Thank you both.  I would not be surprised if the sweet itself originated in Iran, but I have doubts about the word being Persian.  _sohan_ does mean "beautiful", but I don't know why a halva would be called that.  Golden is connected to _sona _"gold" but not _sohan_.  Platts could be right about Sohan Lal.  Do you have an answer for the first part of my question: Do habshi halva, sohan halva, and DhoDhaa refer to the same sweet?


----------



## littlepond

^ I have only eaten and encountered sohan halva in my life so far, Wolverine9 jii, so I can't tell if the sweet is same or not.


----------



## mundiya

lcfatima said:


> Could sohan be from sohna, like beautiful, or could be golden?





littlepond said:


> I think golden, since sohan halva does look yellow/golden. I think that it does come from Persian, though I am not sure.



I think "sohan halvaa" might mean different things in different regions because the "sohan halvaa" I'm familiar with is not yellow/golden but dark brown instead. What would you call it? This is what it looks like: https://www.khanapakana.com/recipe/134df2af-2d65-4dd9-b390-66ea969edc04/multani-sohan-halwa


----------



## mundiya

What we Saraikis call "sohan halvaa" is often called "DhoDaa" by other Punjabis and in Delhi.  I've heard of "habshii halvaa", but I don't use it.  I suspect it may be the same thing because of the colour.


----------



## littlepond

For me, this picture on Wiki does represent sohan halva colour.


----------



## mundiya

^ Interesting.  I don't know what we would call that or if it's even a part of Punjabi miThaa'ii. 

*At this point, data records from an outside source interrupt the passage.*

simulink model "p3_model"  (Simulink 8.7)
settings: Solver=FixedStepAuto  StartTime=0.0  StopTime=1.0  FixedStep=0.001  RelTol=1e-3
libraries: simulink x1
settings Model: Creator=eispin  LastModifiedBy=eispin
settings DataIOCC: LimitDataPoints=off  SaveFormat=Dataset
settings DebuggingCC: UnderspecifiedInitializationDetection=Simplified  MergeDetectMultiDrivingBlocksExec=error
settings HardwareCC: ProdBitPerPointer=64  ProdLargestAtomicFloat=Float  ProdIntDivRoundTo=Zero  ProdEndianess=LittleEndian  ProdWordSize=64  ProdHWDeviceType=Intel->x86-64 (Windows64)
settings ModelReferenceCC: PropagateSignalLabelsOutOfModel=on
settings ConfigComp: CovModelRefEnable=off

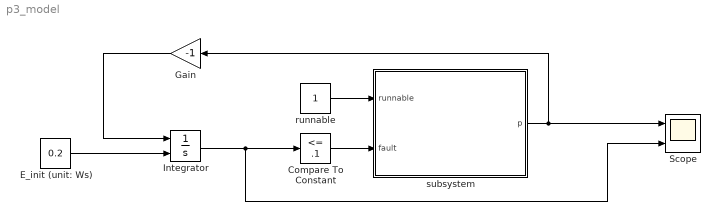
== system p3_model ==
  Compare To Constant : simulink/Logic and Bit Operations/Compare To Constant  relop=<=  const=.1  OutDataTypeStr=boolean
  E_init (unit: Ws) : Constant  Value=0.2
  Gain : Gain  Gain=-1
  Integrator : Integrator  InitialConditionSource=external
  Scope : Scope  NumInputPorts=2
  runnable : Constant
  subsystem : Stateflow chart  TreatAsAtomicUnit=on
  wires:
  E_init (unit: Ws)/1 -> Integrator/2
  runnable/1 -> subsystem/1(runnable)
  Compare To Constant/1 -> subsystem/2(fault)
  subsystem/1(p) -> Scope/1, Gain/1
  Integrator/1 -> Scope/2, Compare To Constant/1
  Gain/1 -> Integrator/1

== stateflow chart subsystem ==
  state RUN
    entry:
    p=.4
  state IDLE
    entry:
    p=.05
  state SLEEP
    entry:
    p=.000160
  (default) -> RUN
  RUN -> IDLE [order 1] : [fault < .5 && after(10,usec)]
  RUN -> SLEEP [order 2] : [fault > .5 && after(90,usec)]
  IDLE -> RUN [order 1] : [fault < .5 && runnable > .5 && after(10, usec)]
  SLEEP -> RUN : [runnable > .5 && after(160,msec)]
  IDLE -> SLEEP [order 2] : [fault > .5 && after(90, usec)]
  data: runnable input double; fault input double; p output double
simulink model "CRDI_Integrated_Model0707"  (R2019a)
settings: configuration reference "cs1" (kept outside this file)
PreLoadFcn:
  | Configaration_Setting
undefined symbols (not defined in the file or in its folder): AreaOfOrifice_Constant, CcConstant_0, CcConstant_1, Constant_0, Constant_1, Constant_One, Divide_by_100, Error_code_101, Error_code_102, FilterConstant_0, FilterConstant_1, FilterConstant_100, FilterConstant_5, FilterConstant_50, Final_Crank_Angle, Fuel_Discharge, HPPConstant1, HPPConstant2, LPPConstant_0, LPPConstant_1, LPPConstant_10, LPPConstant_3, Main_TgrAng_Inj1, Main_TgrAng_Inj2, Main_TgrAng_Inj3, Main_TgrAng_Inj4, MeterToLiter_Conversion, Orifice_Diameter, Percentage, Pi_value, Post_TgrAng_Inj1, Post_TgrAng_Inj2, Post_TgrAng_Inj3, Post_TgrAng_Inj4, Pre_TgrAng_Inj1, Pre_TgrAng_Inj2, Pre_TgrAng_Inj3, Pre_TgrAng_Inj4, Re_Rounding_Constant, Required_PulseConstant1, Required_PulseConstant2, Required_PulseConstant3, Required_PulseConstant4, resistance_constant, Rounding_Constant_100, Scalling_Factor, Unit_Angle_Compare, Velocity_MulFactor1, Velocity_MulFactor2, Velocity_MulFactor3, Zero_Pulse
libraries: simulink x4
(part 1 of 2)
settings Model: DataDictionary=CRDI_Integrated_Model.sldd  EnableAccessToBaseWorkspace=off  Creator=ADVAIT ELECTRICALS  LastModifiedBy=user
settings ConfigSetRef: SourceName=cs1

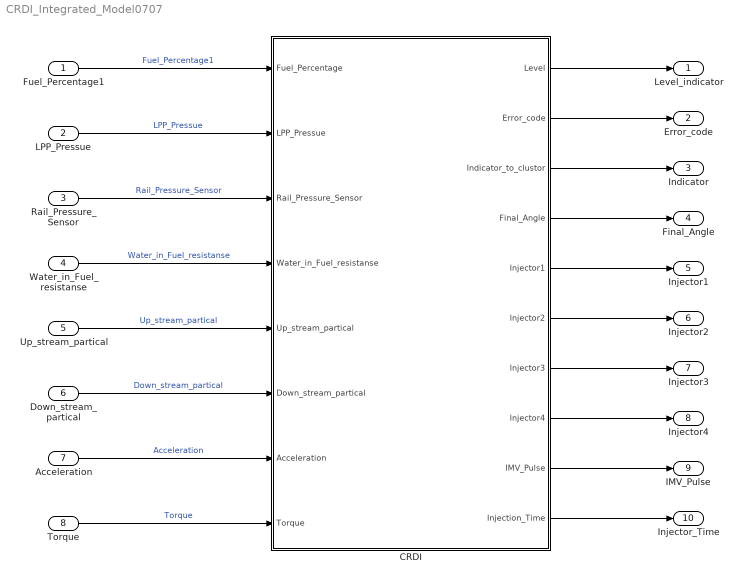
== system CRDI_Integrated_Model0707 ==
  Fuel_Percentage1 : Inport
  LPP_Pressue : Inport  Port=2
  Rail_Pressure_Sensor : Inport  Port=3
  Water_in_Fuel_resistanse : Inport  Port=4
  Up_stream_partical : Inport  Port=5
  Down_stream_partical : Inport  Port=6
  Acceleration : Inport  Port=7
  Torque : Inport  Port=8
  CRDI : Subsystem  TreatAsAtomicUnit=on
  Level_indicator : Outport
  Error_code : Outport  Port=2
  Indicator : Outport  Port=3
  Final_Angle : Outport  Port=4
  Injector1 : Outport  Port=5
  Injector2 : Outport  Port=6
  Injector3 : Outport  Port=7
  Injector4 : Outport  Port=8
  IMV_Pulse : Outport  Port=9
  Injector_Time : Outport  Port=10
  wires:
  LPP_Pressue/1 -> CRDI/2(LPP_Pressue)  "LPP_Pressue"
  Fuel_Percentage1/1 -> CRDI/1(Fuel_Percentage)  "Fuel_Percentage1"
  Rail_Pressure_Sensor/1 -> CRDI/3(Rail_Pressure_Sensor)  "Rail_Pressure_Sensor"
  Up_stream_partical/1 -> CRDI/5(Up_stream_partical)  "Up_stream_partical"
  Water_in_Fuel_resistanse/1 -> CRDI/4(Water_in_Fuel_resistanse)  "Water_in_Fuel_resistanse"
  Down_stream_partical/1 -> CRDI/6(Down_stream_partical)  "Down_stream_partical"
  CRDI/1(Level) -> Level_indicator/1
  CRDI/2(Error_code) -> Error_code/1
  CRDI/3(Indicator_to_clustor) -> Indicator/1
  CRDI/6(Injector2) -> Injector2/1
  CRDI/5(Injector1) -> Injector1/1
  CRDI/4(Final_Angle) -> Final_Angle/1
  CRDI/9(IMV_Pulse) -> IMV_Pulse/1
  CRDI/10(Injection_Time) -> Injector_Time/1
  CRDI/8(Injector4) -> Injector4/1
  CRDI/7(Injector3) -> Injector3/1
  Acceleration/1 -> CRDI/7(Acceleration)  "Acceleration"
  Torque/1 -> CRDI/8(Torque)  "Torque"

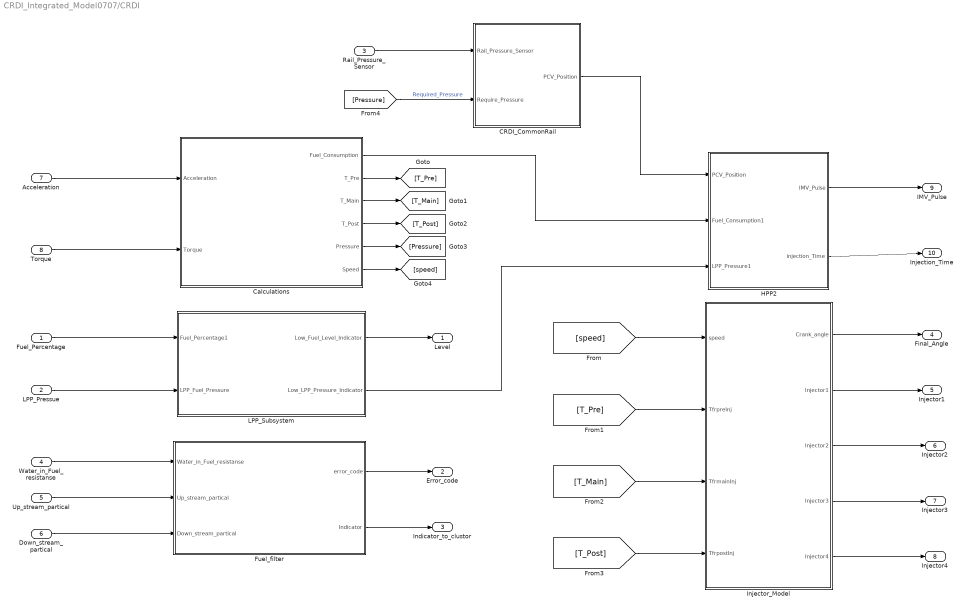
== system CRDI_Integrated_Model0707/CRDI ==
  Fuel_Percentage : Inport
  LPP_Pressue : Inport  Port=2
  Rail_Pressure_Sensor : Inport  Port=3
  Water_in_Fuel_resistanse : Inport  Port=4
  Up_stream_partical : Inport  Port=5
  Down_stream_partical : Inport  Port=6
  Acceleration : Inport  Port=7
  Torque : Inport  Port=8
  CRDI_CommonRail : Subsystem  TreatAsAtomicUnit=on
  Calculations : Subsystem
  Fuel_filter : Subsystem  TreatAsAtomicUnit=on
  HPP2 : Subsystem
  Injector_Model : Subsystem  TreatAsAtomicUnit=on
  LPP_Subsystem : Subsystem  TreatAsAtomicUnit=on
  Level : Outport
  Error_code : Outport  Port=2
  Indicator_to_clustor : Outport  Port=3
  Final_Angle : Outport  Port=4
  Injector1 : Outport  Port=5
  Injector2 : Outport  Port=6
  Injector3 : Outport  Port=7
  Injector4 : Outport  Port=8
  IMV_Pulse : Outport  Port=9
  Injection_Time : Outport  Port=10
  wires:
  CRDI_CommonRail/1(PCV_Position) -> HPP2/1(PCV_Position)
  Fuel_Percentage/1 -> LPP_Subsystem/1(Fuel_Percentage1)
  LPP_Subsystem/1(Low_Fuel_Level_Indicator) -> Level/1
  LPP_Pressue/1 -> LPP_Subsystem/2(LPP_Fuel_Pressure)
  Water_in_Fuel_resistanse/1 -> Fuel_filter/1(Water_in_Fuel_resistanse)
  Down_stream_partical/1 -> Fuel_filter/3(Down_stream_partical)
  Up_stream_partical/1 -> Fuel_filter/2(Up_stream_partical)
  Injector_Model/1(Crank_angle) -> Final_Angle/1
  Injector_Model/5(Injector4) -> Injector4/1
  Injector_Model/2(Injector1) -> Injector1/1
  Injector_Model/3(Injector2) -> Injector2/1
  Injector_Model/4(Injector3) -> Injector3/1
  [speed] -> Injector_Model/1(speed)
  Fuel_filter/1(error_code) -> Error_code/1
  Fuel_filter/2(Indicator) -> Indicator_to_clustor/1
  HPP2/2(injection_Time) -> Injection_Time/1
  HPP2/1(IMV_Pulse) -> IMV_Pulse/1
  LPP_Subsystem/2(Low_LPP_Pressure_Indicator) -> HPP2/3(LPP_Pressure1)
  [T_Pre] -> Injector_Model/2(TfrpreInj)
  [T_Main] -> Injector_Model/3(TfrmainInj)
  [T_Post] -> Injector_Model/4(TfrpostInj)
  Calculations/2(T_Pre) -> [T_Pre]
  Calculations/3(T_Main) -> [T_Main]
  Calculations/4(T_Post) -> [T_Post]
  Calculations/5(Pressure) -> [Pressure]
  Calculations/1(Fuel_Consumption) -> HPP2/2(Fuel_Consumption1)
  Calculations/6(Speed) -> [speed]
  [Pressure] -> CRDI_CommonRail/2(Require_Pressure)  "Required_Pressure"
  Rail_Pressure_Sensor/1 -> CRDI_CommonRail/1(Rail_Pressure_Sensor)
  Acceleration/1 -> Calculations/1(Acceleration)
  Torque/1 -> Calculations/2(Torque)

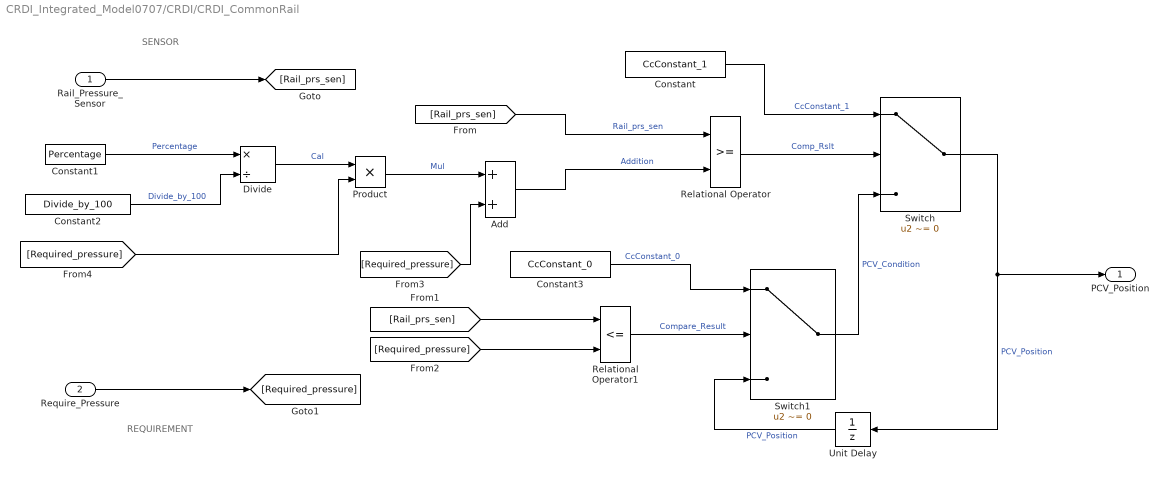
== system CRDI_Integrated_Model0707/CRDI/CRDI_CommonRail ==
  note: REQUIREMENT
  note: SENSOR
  Rail_Pressure_Sensor : Inport
  Require_Pressure : Inport  Port=2
  Add : Sum
  Constant : Constant  Value=CcConstant_1  OutDataTypeStr=boolean
  Constant1 : Constant  Value=Percentage
  Constant2 : Constant  Value=Divide_by_100
  Constant3 : Constant  Value=CcConstant_0  OutDataTypeStr=boolean
  Divide : Product  Inputs=*/  OutDataTypeStr=single
  Product : Product
  Relational Operator : RelationalOperator  OutDataTypeStr=boolean  RndMeth=Simplest
  Relational Operator1 : RelationalOperator  Operator=<=  OutDataTypeStr=boolean  RndMeth=Simplest
  Switch : Switch  Criteria=u2 ~= 0  OutDataTypeStr=boolean
  Switch1 : Switch  Criteria=u2 ~= 0  OutDataTypeStr=boolean
  Unit Delay : UnitDelay  SampleTime=-1  HasFrameUpgradeWarning=on
  PCV_Position : Outport
  wires:
  Constant/1 -> Switch/1  "CcConstant_1"
  Switch/1 -> PCV_Position/1, Unit Delay/1  "PCV_Position"
  Relational Operator/1 -> Switch/2  "Comp_Rslt"
  Unit Delay/1 -> Switch1/3  "PCV_Position"
  Switch1/1 -> Switch/3  "PCV_Condition"
  Product/1 -> Add/1  "Mul"
  Relational Operator1/1 -> Switch1/2  "Compare_Result"
  Add/1 -> Relational Operator/2  "Addition"
  Divide/1 -> Product/1  "Cal"
  Constant3/1 -> Switch1/1  "CcConstant_0"
  Constant1/1 -> Divide/1  "Percentage"
  Constant2/1 -> Divide/2  "Divide_by_100"
  [Rail_prs_sen] -> Relational Operator/1  "Rail_prs_sen"
  Rail_Pressure_Sensor/1 -> [Rail_prs_sen]
  [Rail_prs_sen] -> Relational Operator1/1
  Require_Pressure/1 -> [Required_pressure]
  [Required_pressure] -> Product/2
  [Required_pressure] -> Add/2
  [Required_pressure] -> Relational Operator1/2

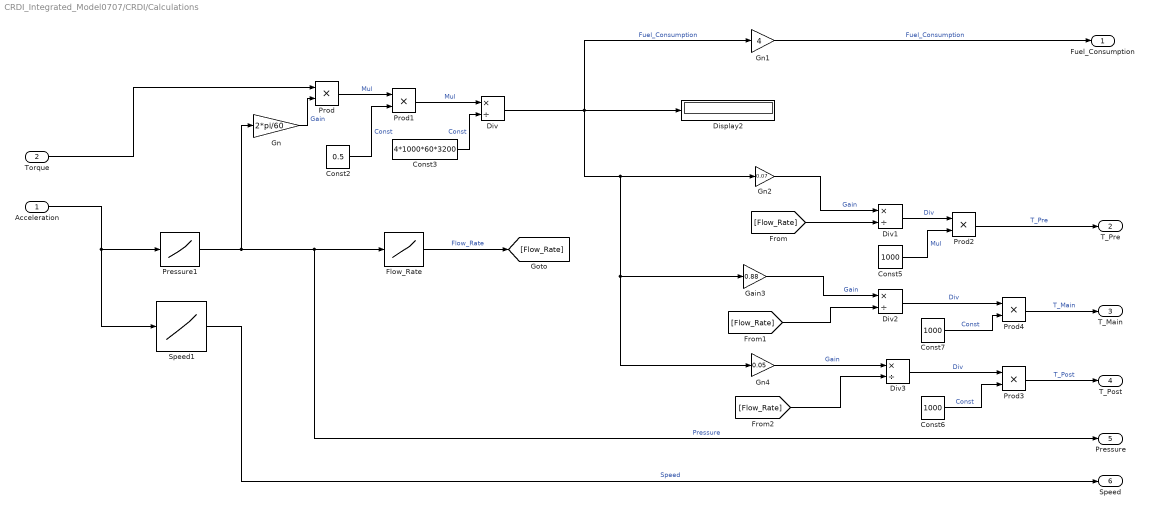
== system CRDI_Integrated_Model0707/CRDI/Calculations ==
  Acceleration : Inport
  Torque : Inport  Port=2
  Const2 : Constant  Value=0.5  OutDataTypeStr=single
  Const3 : Constant  Value=4*1000*60*3200  OutDataTypeStr=single
  Const5 : Constant  Value=1000
  Const6 : Constant  Value=1000  OutDataTypeStr=single
  Const7 : Constant  Value=1000  OutDataTypeStr=single
  Display2 : Display
  Div{,1..3} (4 alike) : Product  Inputs=*/  OutDataTypeStr=single
  Flow_Rate : Lookup_n-D  NumberOfTableDimensions=1  BreakpointsForDimension1=[300 450 600 750 900 1050 1200 1350 1500 1650 1800]  Table=|  InternalRulePriority=Speed  RndMeth=Simplest  InputSameDT=on
      | [0.04780543
      | 0.058549455
      | 0.067607087
      | 0.075587021
      | 0.082801433
      | 0.089435769
      | 0.095610859
      | 0.10141063
      | 0.10689619
      | 0.11211367
      | 0.11709891
      | ]
  Gain3 : Gain  Gain=0.88  OutDataTypeStr=single
  Gn : Gain  Gain=2*pi/60
  Gn1 : Gain  Gain=4  OutDataTypeStr=single
  Gn2 : Gain  Gain=0.07
  Gn4 : Gain  Gain=0.05  OutDataTypeStr=single
  Pressure1 : Lookup_n-D  NumberOfTableDimensions=1  BreakpointsForDimension1=[0 10 20 30 40 50 60 70 80 90 100]  Table=[300 450 600 750 900 1050 1200 1350 1500 1650 1800]  InternalRulePriority=Speed  RndMeth=Simplest  InputSameDT=on
  Prod{,1,3..4} (4 alike) : Product  OutDataTypeStr=single
  Prod2 : Product  OutDataTypeStr=single  SaturateOnIntegerOverflow=on
  Speed1 : Lookup_n-D  NumberOfTableDimensions=1  BreakpointsForDimension1=[0 10 20 30 40 50 60 70 80 90 100]  Table=[800 1040 1280 1520 1760 2000 2240 2480 2720 2960 3200]  InternalRulePriority=Speed  RndMeth=Simplest  InputSameDT=on
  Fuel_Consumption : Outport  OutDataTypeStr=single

Wikipedia mentions that there is an Iranian confection called "sowhan".  It seems different from the two different types of sohan halvaa we've discussed here, but that could be where the name came from.  If Sapna jii reads this thread maybe she can tell us more about it.


----------



## eskandar

There is indeed an Iranian sweet called sowhaan (سوهان) which may be the source of the name. It is not exactly like the desi sohan I've had. This is what it typically looks like, though there are different kinds and سوهان بادامی (almond sowhaan) is not unlike what North Americans call almond brittle.


----------



## shahmukhi

*سوہن حلوا : حلوا کیہ ہے ایہہ تے سب جاندے ہن ، پر ایتھے فورم تے کسی نوں لفظ سوہن دا مطلب نہیں پتا۔ تے سنو سوہن، سوہنی توں نکلیا ہے ، گندم نوں پانی وچ تھوڑے دن لئی بھگو دتا جاندا ہے تے فیر جد ایہہ پُھٹ پیندی ہے تے ایہنوں خشک کر کے پیس لیا جاندا ہے تے ایہہ آٹا ” سوہنی ” کہلاندا ہے ۔ ایس آٹے نال ایہہ حلوا بندا ہے ایس لئی ایہہ حلوا سوہن حلوا کہلاندا ہے۔*​


----------



## Qureshpor

^ 
تہاڈی ایس گل چ تے کوئی شک نہیں پئی اِتھے کسے نوں وی سوہن لفظ دا صحیح پتا نہیں۔ پر تسیں سہانوں سوہنی دا کوئی ادبی حوالہ دے سکدے او؟ یا کسے ڈکشنری دا حوالہ؟ اساں تے اے لفظ بس ماہیوال دے نال جڑیا ہی سنڑیا اے۔


----------



## shahmukhi

حوالہ تے میرے کول کوئی نہیں ہے میں ایہہ ٹی وی تے سُنیا سی۔


----------



## Qureshpor

اسیں وی گھر وچ کنڑک سیڑ کے اودے وچوں چٹا ددھ آٹا کڈھ کے سناسترے یعنی نشاستے دیاں پنیاں بنڑا کے کھاندے رہے آں۔ پر کسے کولوں اے نہیں سنڑیا پئی ایس نوں سوہنڑی وی آکھدے نے۔ ہو سکدا اے ٹی وی والیاں کول کوئی سند ہووے۔ پر چنگھا ہوندا جے سہاڈے ادب وچوں کوئی حوالہ مل جاندا۔


----------



## shahmukhi

تسی جیہڑا طریقہ لکھیا ہے اوہ نشاستہِ دا ہے۔ کنک نوں پانی وچ تھوڑے دن لئی بھگو دتا جاندا ہے تے فیر جد ایہہ پُھٹ پیندی ہے تاں ایہنوں خشک کر کے پیس لیا جاندا ہے تے ایہہ آٹا ' سوہنی ' کہلاندا ہے۔


----------



## shahmukhi

ایہہ لنک چک کرو ، ایتھے سوہنی دا ذکر ہے بڑی مشکل نال مینوں تصدیق لئی کجھ ملیا ہے :

mypakdish.com/forum/showthread.php?1150-Dhoda-(Sohan-Halwa)


----------



## Qureshpor

اللہ تہاڈا بھلا کرے تے تہانوں ساریاں مشکلاں چوں دور رکھے۔ اُمید اے دوجے دوستاں واسظے وی تہاڈیاں گلاں فائدے مند ثابت ہویاں ہوونڑ گیاں۔


----------



## marrish

mundiya said:


> What we Saraikis call "sohan halvaa" is often called "DhoDaa" by other Punjabis and in Delhi.  I've heard of "habshii halvaa", but I don't use it.  I suspect it may be the same thing because of the colour.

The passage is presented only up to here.